Standard Error: 0.0077833705866767544


**Hypothesis Test**<br>

*Assuming the null hypothesis is true, how many times do we see that we see that the difference between the callback rates is zero (p2 - p1 = 0)?<br>

*If it occurs a lot then any difference we see between the white and black callback rate is probably due to chance. If it does not, then the effect is sigificant.<br>

In other words what is the probability or likelihood of getting a p2 - p1 = 0 in standard deviations from the population difference? If it is less than 5% then significant.

In [103]:
# New calculation for std becuase we are assuming null hypothesis is true
# Therefore must calculate population std such that p1 = p2 = p_pop
# p_pop is proportion of total callbacks for whole sample
# calculating proportion of callbacks disregarding race

p = p2 = p1
p_pop = ( total_b_calls + total_w_calls ) / ( total_b + total_w )
std = np.sqrt( (2 * p_pop * (1 - p_pop) ) / n1 ) # Since n1 = n2 is considered
# Calculating z-score
# How many standard devations away from the mean is our sample statistics
z_score = (p - 0) / std
print("Z-score:", z_score)
p_value = stats.norm.sf(abs(z_score))*2
print("p_value:", p_value)

Z-score: 12.377908407975275
p_value: 3.441962025115033e-35


*The probability of getting a z-score of 12 is very small, even while assuming the null hypothesis is true.*<br>

*Therefore, with a z-score as high as 12, the p-value = 0*

**4. Describing the statistical significance in the context or the original problem.**

There is 95% chance that the true difference of white-sounding callbacks and black-sounding callbacks is between .016 and .04.<br>

This means we are 95% confident that there exists a difference between the two races in which individuals with white-sounding names are favored and called back more often.<br>

Since p-value = 0, the probability of getting a z-score of 12 is very small, even while assuming the null hypothesis is true.

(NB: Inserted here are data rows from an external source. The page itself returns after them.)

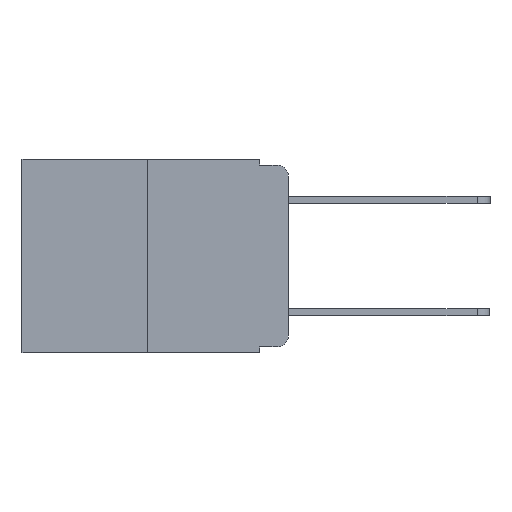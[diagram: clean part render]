
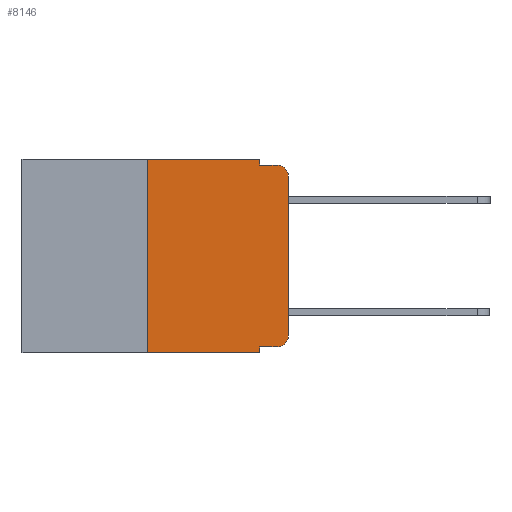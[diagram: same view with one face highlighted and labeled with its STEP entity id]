
A CAD part, left-side view. The second image highlights one B-rep face of the part: STEP entity #8146.
In plain terms, the highlighted planar face has unit normal (-1, 0, 0).
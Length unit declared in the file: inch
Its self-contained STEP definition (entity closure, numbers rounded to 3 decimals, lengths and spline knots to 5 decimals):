
#62 = ORIENTED_EDGE ( 'NONE', *, *, #4314, .T. ) ;
#68 = DIRECTION ( 'NONE',  ( 0., 0., 1. ) ) ;
#107 = CARTESIAN_POINT ( 'NONE',  ( 0., 0.051, -0.333 ) ) ;
#203 = EDGE_CURVE ( 'NONE', #778, #19316, #18545, .T. ) ;
#488 = VERTEX_POINT ( 'NONE', #1766 ) ;
#767 = CARTESIAN_POINT ( 'NONE',  ( 0., 0., 0. ) ) ;
#778 = VERTEX_POINT ( 'NONE', #9823 ) ;
#799 = VERTEX_POINT ( 'NONE', #15215 ) ;
#1758 = LINE ( 'NONE', #11871, #10265 ) ;
#1766 = CARTESIAN_POINT ( 'NONE',  ( 0., 0.051, 0. ) ) ;
#2610 = DIRECTION ( 'NONE',  ( -1., 0., 0. ) ) ;
#2654 = VERTEX_POINT ( 'NONE', #12605 ) ;
#2772 = VERTEX_POINT ( 'NONE', #10367 ) ;
#3301 = CARTESIAN_POINT ( 'NONE',  ( 0., 0.473, 0. ) ) ;
#3916 = CARTESIAN_POINT ( 'NONE',  ( 0., 0.25, 0. ) ) ;
#4285 = CARTESIAN_POINT ( 'NONE',  ( 0., 0., -0.03 ) ) ;
#4314 = EDGE_CURVE ( 'NONE', #799, #778, #16352, .T. ) ;
#4519 = LINE ( 'NONE', #18573, #20610 ) ;
#5034 = DIRECTION ( 'NONE',  ( 0., -1., 0. ) ) ;
#5279 = DIRECTION ( 'NONE',  ( 0., 0., -1. ) ) ;
#5451 = LINE ( 'NONE', #3301, #9404 ) ;
#5502 = EDGE_CURVE ( 'NONE', #11586, #799, #12576, .T. ) ;
#5508 = PLANE ( 'NONE',  #12736 ) ;
#5662 = DIRECTION ( 'NONE',  ( 0., 0., 1. ) ) ;
#5822 = VERTEX_POINT ( 'NONE', #14784 ) ;
#5823 = EDGE_CURVE ( 'NONE', #15672, #488, #5451, .T. ) ;
#6050 = CARTESIAN_POINT ( 'NONE',  ( 0., 0.051, 0. ) ) ;
#7091 = EDGE_CURVE ( 'NONE', #2654, #2772, #4519, .T. ) ;
#7757 = DIRECTION ( 'NONE',  ( 0., 0., -1. ) ) ;
#8146 = ADVANCED_FACE ( 'NONE', ( #13446 ), #5508, .F. ) ;
#8926 = EDGE_CURVE ( 'NONE', #11586, #2772, #1758, .T. ) ;
#8932 = DIRECTION ( 'NONE',  ( 1., 0., 0. ) ) ;
#9159 = LINE ( 'NONE', #19073, #12310 ) ;
#9404 = VECTOR ( 'NONE', #5034, 39.37008 ) ;
#9823 = CARTESIAN_POINT ( 'NONE',  ( 0., 0., -0.313 ) ) ;
#10043 = LINE ( 'NONE', #6050, #17157 ) ;
#10265 = VECTOR ( 'NONE', #5279, 39.37008 ) ;
#10320 = DIRECTION ( 'NONE',  ( -1., 0., 0. ) ) ;
#10367 = CARTESIAN_POINT ( 'NONE',  ( 0., 0.051, -0.343 ) ) ;
#11019 = EDGE_CURVE ( 'NONE', #2654, #15672, #18334, .T. ) ;
#11054 = DIRECTION ( 'NONE',  ( 0., -1., 0. ) ) ;
#11586 = VERTEX_POINT ( 'NONE', #107 ) ;
#11871 = CARTESIAN_POINT ( 'NONE',  ( 0., 0.051, 0. ) ) ;
#12310 = VECTOR ( 'NONE', #20504, 39.37008 ) ;
#12354 = AXIS2_PLACEMENT_3D ( 'NONE', #12524, #2610, #14106 ) ;
#12524 = CARTESIAN_POINT ( 'NONE',  ( 0., 0.02, -0.03 ) ) ;
#12576 = LINE ( 'NONE', #17301, #19586 ) ;
#12605 = CARTESIAN_POINT ( 'NONE',  ( 0., 0.25, -0.343 ) ) ;
#12736 = AXIS2_PLACEMENT_3D ( 'NONE', #18081, #8932, #19521 ) ;
#13088 = EDGE_CURVE ( 'NONE', #488, #5822, #10043, .T. ) ;
#13446 = FACE_OUTER_BOUND ( 'NONE', #15296, .T. ) ;
#13575 = VERTEX_POINT ( 'NONE', #14996 ) ;
#13656 = VECTOR ( 'NONE', #68, 39.37008 ) ;
#13919 = VECTOR ( 'NONE', #5662, 39.37008 ) ;
#14106 = DIRECTION ( 'NONE',  ( 0., 0., -1. ) ) ;
#14641 = ORIENTED_EDGE ( 'NONE', *, *, #203, .T. ) ;
#14784 = CARTESIAN_POINT ( 'NONE',  ( 0., 0.051, -0.01 ) ) ;
#14996 = CARTESIAN_POINT ( 'NONE',  ( 0., 0.02, -0.01 ) ) ;
#15060 = ORIENTED_EDGE ( 'NONE', *, *, #20056, .T. ) ;
#15197 = ORIENTED_EDGE ( 'NONE', *, *, #16147, .F. ) ;
#15215 = CARTESIAN_POINT ( 'NONE',  ( 0., 0.02, -0.333 ) ) ;
#15296 = EDGE_LOOP ( 'NONE', ( #14641, #15060, #15197, #15744, #17553, #19612, #19684, #19899, #20201, #62 ) ) ;
#15483 = DIRECTION ( 'NONE',  ( 0., -1., 0. ) ) ;
#15511 = CIRCLE ( 'NONE', #12354, 0.02 ) ;
#15672 = VERTEX_POINT ( 'NONE', #17892 ) ;
#15744 = ORIENTED_EDGE ( 'NONE', *, *, #13088, .F. ) ;
#16147 = EDGE_CURVE ( 'NONE', #5822, #13575, #9159, .T. ) ;
#16352 = CIRCLE ( 'NONE', #18676, 0.02 ) ;
#17157 = VECTOR ( 'NONE', #7757, 39.37008 ) ;
#17301 = CARTESIAN_POINT ( 'NONE',  ( 0., 0.051, -0.333 ) ) ;
#17553 = ORIENTED_EDGE ( 'NONE', *, *, #5823, .F. ) ;
#17892 = CARTESIAN_POINT ( 'NONE',  ( 0., 0.25, 0. ) ) ;
#18081 = CARTESIAN_POINT ( 'NONE',  ( 0., 0.473, 0. ) ) ;
#18334 = LINE ( 'NONE', #3916, #13919 ) ;
#18545 = LINE ( 'NONE', #767, #13656 ) ;
#18573 = CARTESIAN_POINT ( 'NONE',  ( 0., 0.473, -0.343 ) ) ;
#18676 = AXIS2_PLACEMENT_3D ( 'NONE', #19320, #10320, #20742 ) ;
#19073 = CARTESIAN_POINT ( 'NONE',  ( 0., 0.051, -0.01 ) ) ;
#19316 = VERTEX_POINT ( 'NONE', #4285 ) ;
#19320 = CARTESIAN_POINT ( 'NONE',  ( 0., 0.02, -0.313 ) ) ;
#19521 = DIRECTION ( 'NONE',  ( 0., 0., -1. ) ) ;
#19586 = VECTOR ( 'NONE', #15483, 39.37008 ) ;
#19612 = ORIENTED_EDGE ( 'NONE', *, *, #11019, .F. ) ;
#19684 = ORIENTED_EDGE ( 'NONE', *, *, #7091, .T. ) ;
#19899 = ORIENTED_EDGE ( 'NONE', *, *, #8926, .F. ) ;
#20056 = EDGE_CURVE ( 'NONE', #19316, #13575, #15511, .T. ) ;
#20201 = ORIENTED_EDGE ( 'NONE', *, *, #5502, .T. ) ;
#20504 = DIRECTION ( 'NONE',  ( 0., -1., 0. ) ) ;
#20610 = VECTOR ( 'NONE', #11054, 39.37008 ) ;
#20742 = DIRECTION ( 'NONE',  ( 0., 0., -1. ) ) ;

This means that the effect that we see (a difference in the proportion of callbacks between white and black sounding names) is significant.

<font color=red>**Race has a significant impact on the rate of callbacks for resumes.**<font>

**5. Does this analysis mean that race/name is the most important factor in callback success? Why or why not? If not, how could this analysis be amended?**<br>

Since the analysis only looked at the relationship between race and callbacks. There are a number of other variables included in the data that may have equal or more impact on the callback rate hence it can not be determined whether race is the most important factor for callbacks.

We must test the significance of these variables against callback rate to determine which is the best to determine callback success.

The next step in this analysis would be to comput on other factors in the table and test for significance and coorelation.